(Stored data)
--- START ---

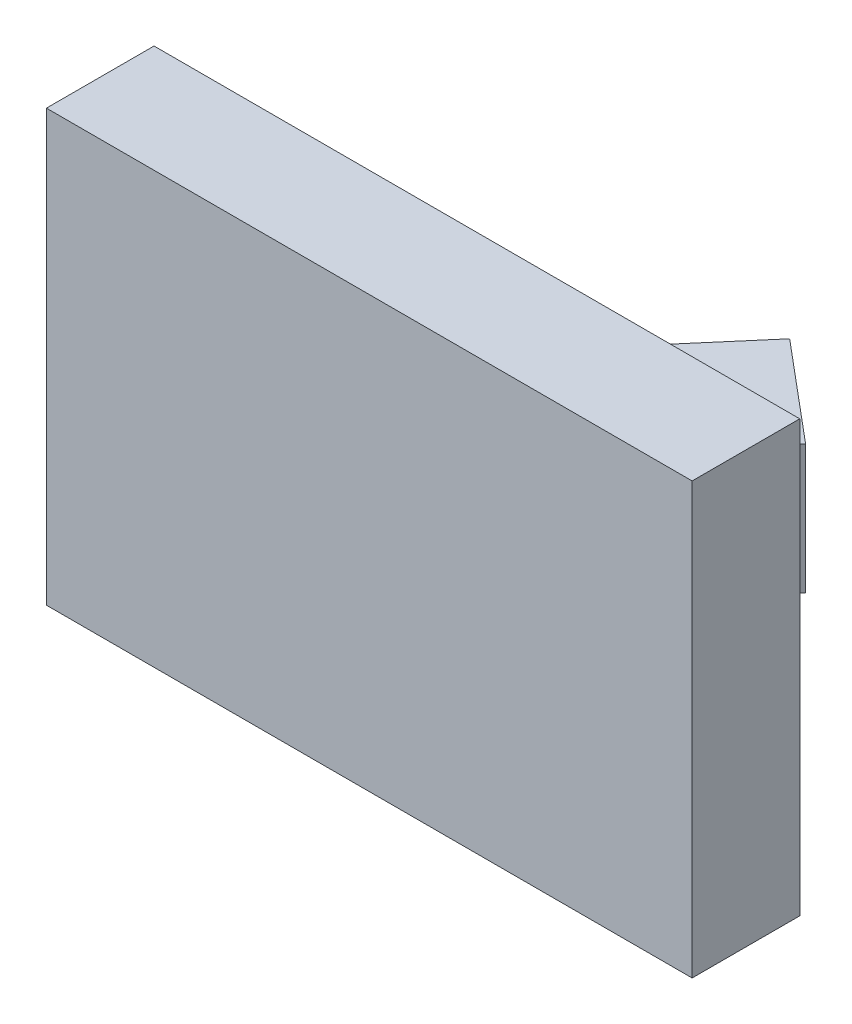
ISO-10303-21;
HEADER;
FILE_DESCRIPTION(('STEP AP214'),'2;1');
FILE_NAME('part.step','',(''),(''),'','','');
FILE_SCHEMA(('AUTOMOTIVE_DESIGN { 1 0 10303 214 1 1 1 1 }'));
ENDSEC;
DATA;
#1=APPLICATION_CONTEXT('core data for automotive mechanical design processes');
#2=APPLICATION_PROTOCOL_DEFINITION('international standard','automotive_design',2000,#1);
#3=PRODUCT_CONTEXT('',#1,'mechanical');
#4=PRODUCT('Part','Part','',(#3));
#5=PRODUCT_RELATED_PRODUCT_CATEGORY('part','',(#4));
#6=PRODUCT_DEFINITION_FORMATION('','',#4);
#7=PRODUCT_DEFINITION_CONTEXT('part definition',#1,'design');
#8=PRODUCT_DEFINITION('design','',#6,#7);
#9=PRODUCT_DEFINITION_SHAPE('','',#8);
#10=(LENGTH_UNIT() NAMED_UNIT(*) SI_UNIT(.MILLI.,.METRE.));
#11=(NAMED_UNIT(*) PLANE_ANGLE_UNIT() SI_UNIT($,.RADIAN.));
#12=(NAMED_UNIT(*) SI_UNIT($,.STERADIAN.) SOLID_ANGLE_UNIT());
#13=UNCERTAINTY_MEASURE_WITH_UNIT(LENGTH_MEASURE(1.E-05),#10,'distance_accuracy_value','');
#14=(GEOMETRIC_REPRESENTATION_CONTEXT(3) GLOBAL_UNCERTAINTY_ASSIGNED_CONTEXT((#13)) GLOBAL_UNIT_ASSIGNED_CONTEXT((#10,
#11,#12)) REPRESENTATION_CONTEXT('',''));
#15=CARTESIAN_POINT('',(0.,0.,0.));
#16=DIRECTION('',(0.,0.,1.));
#17=DIRECTION('',(1.,0.,0.));
#18=AXIS2_PLACEMENT_3D('',#15,#16,#17);
#19=CARTESIAN_POINT('',(-15.,9.99999999999999,5.));
#20=DIRECTION('',(1.,0.,0.));
#21=DIRECTION('',(0.,1.,0.));
#22=AXIS2_PLACEMENT_3D('',#19,#20,#21);
#23=PLANE('',#22);
#24=DIRECTION('',(0.,-1.,0.));
#25=VECTOR('',#24,1.);
#26=CARTESIAN_POINT('',(-15.,9.99999999999999,0.));
#27=LINE('',#26,#25);
#28=CARTESIAN_POINT('',(-15.,9.99999999999999,0.));
#29=VERTEX_POINT('',#28);
#30=CARTESIAN_POINT('',(-15.,-10.,0.));
#31=VERTEX_POINT('',#30);
#32=EDGE_CURVE('E207',#29,#31,#27,.T.);
#33=ORIENTED_EDGE('',*,*,#32,.T.);
#34=DIRECTION('',(0.,0.,-1.));
#35=VECTOR('',#34,1.);
#36=CARTESIAN_POINT('',(-15.,-10.,5.));
#37=LINE('',#36,#35);
#38=CARTESIAN_POINT('',(-15.,-10.,5.));
#39=VERTEX_POINT('',#38);
#40=EDGE_CURVE('E12',#39,#31,#37,.T.);
#41=ORIENTED_EDGE('',*,*,#40,.F.);
#42=DIRECTION('',(0.,-1.,0.));
#43=VECTOR('',#42,1.);
#44=CARTESIAN_POINT('',(-15.,9.99999999999999,5.));
#45=LINE('',#44,#43);
#46=CARTESIAN_POINT('',(-15.,9.99999999999999,5.));
#47=VERTEX_POINT('',#46);
#48=EDGE_CURVE('E210',#47,#39,#45,.T.);
#49=ORIENTED_EDGE('',*,*,#48,.F.);
#50=DIRECTION('',(0.,0.,-1.));
#51=VECTOR('',#50,1.);
#52=CARTESIAN_POINT('',(-15.,9.99999999999999,5.));
#53=LINE('',#52,#51);
#54=EDGE_CURVE('E116',#47,#29,#53,.T.);
#55=ORIENTED_EDGE('',*,*,#54,.T.);
#56=EDGE_LOOP('',(#33,#41,#49,#55));
#57=FACE_BOUND('',#56,.T.);
#58=ADVANCED_FACE('F93',(#57),#23,.F.);
#59=CARTESIAN_POINT('',(-15.,-10.,5.));
#60=DIRECTION('',(0.,1.,0.));
#61=DIRECTION('',(0.,0.,1.));
#62=AXIS2_PLACEMENT_3D('',#59,#60,#61);
#63=PLANE('',#62);
#64=DIRECTION('',(1.,0.,0.));
#65=VECTOR('',#64,1.);
#66=CARTESIAN_POINT('',(-15.,-10.,0.));
#67=LINE('',#66,#65);
#68=CARTESIAN_POINT('',(15.,-10.,0.));
#69=VERTEX_POINT('',#68);
#70=EDGE_CURVE('E220',#31,#69,#67,.T.);
#71=ORIENTED_EDGE('',*,*,#70,.T.);
#72=DIRECTION('',(0.,0.,-1.));
#73=VECTOR('',#72,1.);
#74=CARTESIAN_POINT('',(15.,-10.,5.));
#75=LINE('',#74,#73);
#76=CARTESIAN_POINT('',(15.,-10.,5.));
#77=VERTEX_POINT('',#76);
#78=EDGE_CURVE('E100',#77,#69,#75,.T.);
#79=ORIENTED_EDGE('',*,*,#78,.F.);
#80=DIRECTION('',(1.,0.,0.));
#81=VECTOR('',#80,1.);
#82=CARTESIAN_POINT('',(-15.,-10.,5.));
#83=LINE('',#82,#81);
#84=EDGE_CURVE('E142',#39,#77,#83,.T.);
#85=ORIENTED_EDGE('',*,*,#84,.F.);
#86=ORIENTED_EDGE('',*,*,#40,.T.);
#87=EDGE_LOOP('',(#71,#79,#85,#86));
#88=FACE_BOUND('',#87,.T.);
#89=ADVANCED_FACE('F234',(#88),#63,.F.);
#90=CARTESIAN_POINT('',(15.,9.99999999999999,5.));
#91=DIRECTION('',(1.,0.,0.));
#92=DIRECTION('',(0.,1.,0.));
#93=AXIS2_PLACEMENT_3D('',#90,#91,#92);
#94=PLANE('',#93);
#95=DIRECTION('',(0.,-1.,0.));
#96=VECTOR('',#95,1.);
#97=CARTESIAN_POINT('',(15.,9.99999999999999,0.));
#98=LINE('',#97,#96);
#99=CARTESIAN_POINT('',(15.,9.99999999999999,0.));
#100=VERTEX_POINT('',#99);
#101=EDGE_CURVE('E223',#100,#69,#98,.T.);
#102=ORIENTED_EDGE('',*,*,#101,.F.);
#103=DIRECTION('',(0.,0.,-1.));
#104=VECTOR('',#103,1.);
#105=CARTESIAN_POINT('',(15.,9.99999999999999,5.));
#106=LINE('',#105,#104);
#107=CARTESIAN_POINT('',(15.,9.99999999999999,5.));
#108=VERTEX_POINT('',#107);
#109=EDGE_CURVE('E229',#108,#100,#106,.T.);
#110=ORIENTED_EDGE('',*,*,#109,.F.);
#111=DIRECTION('',(0.,-1.,0.));
#112=VECTOR('',#111,1.);
#113=CARTESIAN_POINT('',(15.,9.99999999999999,5.));
#114=LINE('',#113,#112);
#115=EDGE_CURVE('E214',#108,#77,#114,.T.);
#116=ORIENTED_EDGE('',*,*,#115,.T.);
#117=ORIENTED_EDGE('',*,*,#78,.T.);
#118=EDGE_LOOP('',(#102,#110,#116,#117));
#119=FACE_BOUND('',#118,.T.);
#120=ADVANCED_FACE('F232',(#119),#94,.T.);
#121=CARTESIAN_POINT('',(-15.,9.99999999999999,5.));
#122=DIRECTION('',(0.,1.,0.));
#123=DIRECTION('',(0.,0.,1.));
#124=AXIS2_PLACEMENT_3D('',#121,#122,#123);
#125=PLANE('',#124);
#126=DIRECTION('',(1.,0.,0.));
#127=VECTOR('',#126,1.);
#128=CARTESIAN_POINT('',(-15.,9.99999999999999,0.));
#129=LINE('',#128,#127);
#130=EDGE_CURVE('E212',#29,#100,#129,.T.);
#131=ORIENTED_EDGE('',*,*,#130,.F.);
#132=ORIENTED_EDGE('',*,*,#54,.F.);
#133=DIRECTION('',(1.,0.,0.));
#134=VECTOR('',#133,1.);
#135=CARTESIAN_POINT('',(-15.,9.99999999999999,5.));
#136=LINE('',#135,#134);
#137=EDGE_CURVE('E217',#47,#108,#136,.T.);
#138=ORIENTED_EDGE('',*,*,#137,.T.);
#139=ORIENTED_EDGE('',*,*,#109,.T.);
#140=EDGE_LOOP('',(#131,#132,#138,#139));
#141=FACE_BOUND('',#140,.T.);
#142=ADVANCED_FACE('F236',(#141),#125,.T.);
#143=CARTESIAN_POINT('',(0.,0.,5.));
#144=DIRECTION('',(0.,0.,1.));
#145=DIRECTION('',(1.,0.,0.));
#146=AXIS2_PLACEMENT_3D('',#143,#144,#145);
#147=PLANE('',#146);
#148=ORIENTED_EDGE('',*,*,#48,.T.);
#149=ORIENTED_EDGE('',*,*,#84,.T.);
#150=ORIENTED_EDGE('',*,*,#115,.F.);
#151=ORIENTED_EDGE('',*,*,#137,.F.);
#152=EDGE_LOOP('',(#148,#149,#150,#151));
#153=FACE_BOUND('',#152,.T.);
#154=ADVANCED_FACE('F239',(#153),#147,.T.);
#155=CARTESIAN_POINT('',(0.,0.,0.));
#156=DIRECTION('',(0.,0.,1.));
#157=DIRECTION('',(1.,0.,0.));
#158=AXIS2_PLACEMENT_3D('',#155,#156,#157);
#159=PLANE('',#158);
#160=DIRECTION('',(1.,0.,0.));
#161=VECTOR('',#160,1.);
#162=CARTESIAN_POINT('',(0.,-3.,0.));
#163=LINE('',#162,#161);
#164=CARTESIAN_POINT('',(-4.,-3.,0.));
#165=VERTEX_POINT('',#164);
#166=CARTESIAN_POINT('',(4.,-3.,0.));
#167=VERTEX_POINT('',#166);
#168=EDGE_CURVE('E175',#165,#167,#163,.T.);
#169=ORIENTED_EDGE('',*,*,#168,.T.);
#170=DIRECTION('',(0.,1.,0.));
#171=VECTOR('',#170,1.);
#172=CARTESIAN_POINT('',(4.,-3.,0.));
#173=LINE('',#172,#171);
#174=CARTESIAN_POINT('',(4.,3.,0.));
#175=VERTEX_POINT('',#174);
#176=EDGE_CURVE('E205',#167,#175,#173,.T.);
#177=ORIENTED_EDGE('',*,*,#176,.T.);
#178=DIRECTION('',(1.,0.,0.));
#179=VECTOR('',#178,1.);
#180=CARTESIAN_POINT('',(0.,3.,0.));
#181=LINE('',#180,#179);
#182=CARTESIAN_POINT('',(-4.,3.,0.));
#183=VERTEX_POINT('',#182);
#184=EDGE_CURVE('E186',#183,#175,#181,.T.);
#185=ORIENTED_EDGE('',*,*,#184,.F.);
#186=DIRECTION('',(0.,-1.,0.));
#187=VECTOR('',#186,1.);
#188=CARTESIAN_POINT('',(-4.,3.,0.));
#189=LINE('',#188,#187);
#190=EDGE_CURVE('E171',#183,#165,#189,.T.);
#191=ORIENTED_EDGE('',*,*,#190,.T.);
#192=EDGE_LOOP('',(#169,#177,#185,#191));
#193=FACE_BOUND('',#192,.T.);
#194=ORIENTED_EDGE('',*,*,#32,.F.);
#195=ORIENTED_EDGE('',*,*,#130,.T.);
#196=ORIENTED_EDGE('',*,*,#101,.T.);
#197=ORIENTED_EDGE('',*,*,#70,.F.);
#198=EDGE_LOOP('',(#194,#195,#196,#197));
#199=FACE_BOUND('',#198,.T.);
#200=ADVANCED_FACE('F184',(#193,#199),#159,.F.);
#201=CARTESIAN_POINT('',(0.,3.,0.));
#202=DIRECTION('',(0.,1.,0.));
#203=DIRECTION('',(0.,0.,1.));
#204=AXIS2_PLACEMENT_3D('',#201,#202,#203);
#205=PLANE('',#204);
#206=DIRECTION('',(0.642787609686538,0.,-0.766044443118979));
#207=VECTOR('',#206,1.);
#208=CARTESIAN_POINT('',(2.34729635533387,3.,1.96961550602441));
#209=LINE('',#208,#207);
#210=CARTESIAN_POINT('',(9.1423008774923,3.,-6.12835554495183));
#211=VERTEX_POINT('',#210);
#212=EDGE_CURVE('E187',#175,#211,#209,.T.);
#213=ORIENTED_EDGE('',*,*,#212,.T.);
#214=DIRECTION('',(-0.766044443118979,0.,-0.642787609686538));
#215=VECTOR('',#214,1.);
#216=CARTESIAN_POINT('',(6.79500452215844,3.,-8.09797105097625));
#217=LINE('',#216,#215);
#218=CARTESIAN_POINT('',(4.54603421877843,3.,-9.98508120307106));
#219=VERTEX_POINT('',#218);
#220=EDGE_CURVE('E191',#211,#219,#217,.T.);
#221=ORIENTED_EDGE('',*,*,#220,.T.);
#222=DIRECTION('',(0.65023824518055,0.,-0.759730363026593));
#223=VECTOR('',#222,1.);
#224=CARTESIAN_POINT('',(-2.30876089801808,3.,-1.97602295225918));
#225=LINE('',#224,#223);
#226=EDGE_CURVE('E200',#183,#219,#225,.T.);
#227=ORIENTED_EDGE('',*,*,#226,.F.);
#228=ORIENTED_EDGE('',*,*,#184,.T.);
#229=EDGE_LOOP('',(#213,#221,#227,#228));
#230=FACE_BOUND('',#229,.T.);
#231=ADVANCED_FACE('F253',(#230),#205,.T.);
#232=CARTESIAN_POINT('',(2.34729635533387,-3.,1.96961550602441));
#233=DIRECTION('',(0.766044443118979,0.,0.642787609686538));
#234=DIRECTION('',(0.642787609686538,0.,-0.766044443118979));
#235=AXIS2_PLACEMENT_3D('',#232,#233,#234);
#236=PLANE('',#235);
#237=DIRECTION('',(0.,1.,0.));
#238=VECTOR('',#237,1.);
#239=CARTESIAN_POINT('',(9.1423008774923,-3.,-6.12835554495183));
#240=LINE('',#239,#238);
#241=CARTESIAN_POINT('',(9.1423008774923,-3.,-6.12835554495183));
#242=VERTEX_POINT('',#241);
#243=EDGE_CURVE('E182',#242,#211,#240,.T.);
#244=ORIENTED_EDGE('',*,*,#243,.T.);
#245=ORIENTED_EDGE('',*,*,#212,.F.);
#246=ORIENTED_EDGE('',*,*,#176,.F.);
#247=DIRECTION('',(0.642787609686538,0.,-0.766044443118979));
#248=VECTOR('',#247,1.);
#249=CARTESIAN_POINT('',(2.34729635533387,-3.,1.96961550602441));
#250=LINE('',#249,#248);
#251=EDGE_CURVE('E107',#167,#242,#250,.T.);
#252=ORIENTED_EDGE('',*,*,#251,.T.);
#253=EDGE_LOOP('',(#244,#245,#246,#252));
#254=FACE_BOUND('',#253,.T.);
#255=ADVANCED_FACE('F256',(#254),#236,.T.);
#256=CARTESIAN_POINT('',(-2.30876089801808,-3.,-1.97602295225918));
#257=DIRECTION('',(0.759730363026593,0.,0.65023824518055));
#258=DIRECTION('',(0.65023824518055,0.,-0.759730363026593));
#259=AXIS2_PLACEMENT_3D('',#256,#257,#258);
#260=PLANE('',#259);
#261=DIRECTION('',(0.65023824518055,0.,-0.759730363026593));
#262=VECTOR('',#261,1.);
#263=CARTESIAN_POINT('',(-2.30876089801808,-3.,-1.97602295225918));
#264=LINE('',#263,#262);
#265=CARTESIAN_POINT('',(4.54603421877843,-3.,-9.98508120307106));
#266=VERTEX_POINT('',#265);
#267=EDGE_CURVE('E167',#165,#266,#264,.T.);
#268=ORIENTED_EDGE('',*,*,#267,.F.);
#269=ORIENTED_EDGE('',*,*,#190,.F.);
#270=ORIENTED_EDGE('',*,*,#226,.T.);
#271=DIRECTION('',(0.,1.,0.));
#272=VECTOR('',#271,1.);
#273=CARTESIAN_POINT('',(4.54603421877843,-3.,-9.98508120307106));
#274=LINE('',#273,#272);
#275=EDGE_CURVE('E173',#266,#219,#274,.T.);
#276=ORIENTED_EDGE('',*,*,#275,.F.);
#277=EDGE_LOOP('',(#268,#269,#270,#276));
#278=FACE_BOUND('',#277,.T.);
#279=ADVANCED_FACE('F168',(#278),#260,.F.);
#280=CARTESIAN_POINT('',(6.79500452215844,-3.,-8.09797105097625));
#281=DIRECTION('',(0.642787609686538,0.,-0.766044443118979));
#282=DIRECTION('',(-0.766044443118979,0.,-0.642787609686538));
#283=AXIS2_PLACEMENT_3D('',#280,#281,#282);
#284=PLANE('',#283);
#285=CARTESIAN_POINT('',(6.79500452215844,0.,-8.09797105097625));
#286=DIRECTION('',(0.642787609686538,0.,-0.766044443118979));
#287=DIRECTION('',(-0.766044443118979,0.,-0.642787609686538));
#288=AXIS2_PLACEMENT_3D('',#285,#286,#287);
#289=CIRCLE('',#288,2.1);
#290=CARTESIAN_POINT('',(5.18631119160859,0.,-9.44782503131798));
#291=VERTEX_POINT('',#290);
#292=EDGE_CURVE('E194',#291,#291,#289,.T.);
#293=ORIENTED_EDGE('',*,*,#292,.F.);
#294=EDGE_LOOP('',(#293));
#295=FACE_BOUND('',#294,.T.);
#296=ORIENTED_EDGE('',*,*,#275,.T.);
#297=ORIENTED_EDGE('',*,*,#220,.F.);
#298=ORIENTED_EDGE('',*,*,#243,.F.);
#299=DIRECTION('',(-0.766044443118979,0.,-0.642787609686538));
#300=VECTOR('',#299,1.);
#301=CARTESIAN_POINT('',(6.79500452215844,-3.,-8.09797105097625));
#302=LINE('',#301,#300);
#303=EDGE_CURVE('E176',#242,#266,#302,.T.);
#304=ORIENTED_EDGE('',*,*,#303,.T.);
#305=EDGE_LOOP('',(#296,#297,#298,#304));
#306=FACE_BOUND('',#305,.T.);
#307=ADVANCED_FACE('F260',(#295,#306),#284,.T.);
#308=CARTESIAN_POINT('',(0.,-3.,0.));
#309=DIRECTION('',(0.,1.,0.));
#310=DIRECTION('',(0.,0.,1.));
#311=AXIS2_PLACEMENT_3D('',#308,#309,#310);
#312=PLANE('',#311);
#313=ORIENTED_EDGE('',*,*,#251,.F.);
#314=ORIENTED_EDGE('',*,*,#168,.F.);
#315=ORIENTED_EDGE('',*,*,#267,.T.);
#316=ORIENTED_EDGE('',*,*,#303,.F.);
#317=EDGE_LOOP('',(#313,#314,#315,#316));
#318=FACE_BOUND('',#317,.T.);
#319=ADVANCED_FACE('F179',(#318),#312,.F.);
#320=CARTESIAN_POINT('',(2.29549125435268,0.,-2.7356599491434));
#321=DIRECTION('',(0.642787609686538,0.,-0.766044443118979));
#322=DIRECTION('',(-0.766044443118979,0.,-0.642787609686538));
#323=AXIS2_PLACEMENT_3D('',#320,#321,#322);
#324=CYLINDRICAL_SURFACE('',#323,2.1);
#325=CARTESIAN_POINT('',(2.29549125435268,0.,-2.7356599491434));
#326=DIRECTION('',(0.642787609686538,0.,-0.766044443118979));
#327=DIRECTION('',(-0.766044443118979,0.,-0.642787609686538));
#328=AXIS2_PLACEMENT_3D('',#325,#326,#327);
#329=CIRCLE('',#328,2.1);
#330=CARTESIAN_POINT('',(0.686797923802823,0.,-4.08551392948513));
#331=VERTEX_POINT('',#330);
#332=EDGE_CURVE('E188',#331,#331,#329,.T.);
#333=ORIENTED_EDGE('',*,*,#332,.F.);
#334=EDGE_LOOP('',(#333));
#335=FACE_BOUND('',#334,.T.);
#336=ORIENTED_EDGE('',*,*,#292,.T.);
#337=EDGE_LOOP('',(#336));
#338=FACE_BOUND('',#337,.T.);
#339=ADVANCED_FACE('F268',(#335,#338),#324,.F.);
#340=CARTESIAN_POINT('',(2.29549125435268,0.,-2.7356599491434));
#341=DIRECTION('',(0.642787609686538,0.,-0.766044443118979));
#342=DIRECTION('',(-0.766044443118979,0.,-0.642787609686538));
#343=AXIS2_PLACEMENT_3D('',#340,#341,#342);
#344=PLANE('',#343);
#345=ORIENTED_EDGE('',*,*,#332,.T.);
#346=EDGE_LOOP('',(#345));
#347=FACE_BOUND('',#346,.T.);
#348=ADVANCED_FACE('F274',(#347),#344,.T.);
#349=CLOSED_SHELL('',(#58,#89,#120,#142,#154,#200,#231,#255,#279,#307,#319,#339,#348));
#350=MANIFOLD_SOLID_BREP('B2',#349);
#351=ADVANCED_BREP_SHAPE_REPRESENTATION('',(#18,#350),#14);
#352=SHAPE_DEFINITION_REPRESENTATION(#9,#351);
ENDSEC;
END-ISO-10303-21;

--- END ---

• [Task description] Looking through the records, copy out every line in which the word "mechanical" is found.

• [Written response]
#1=APPLICATION_CONTEXT('core data for automotive mechanical design processes');
#3=PRODUCT_CONTEXT('',#1,'mechanical');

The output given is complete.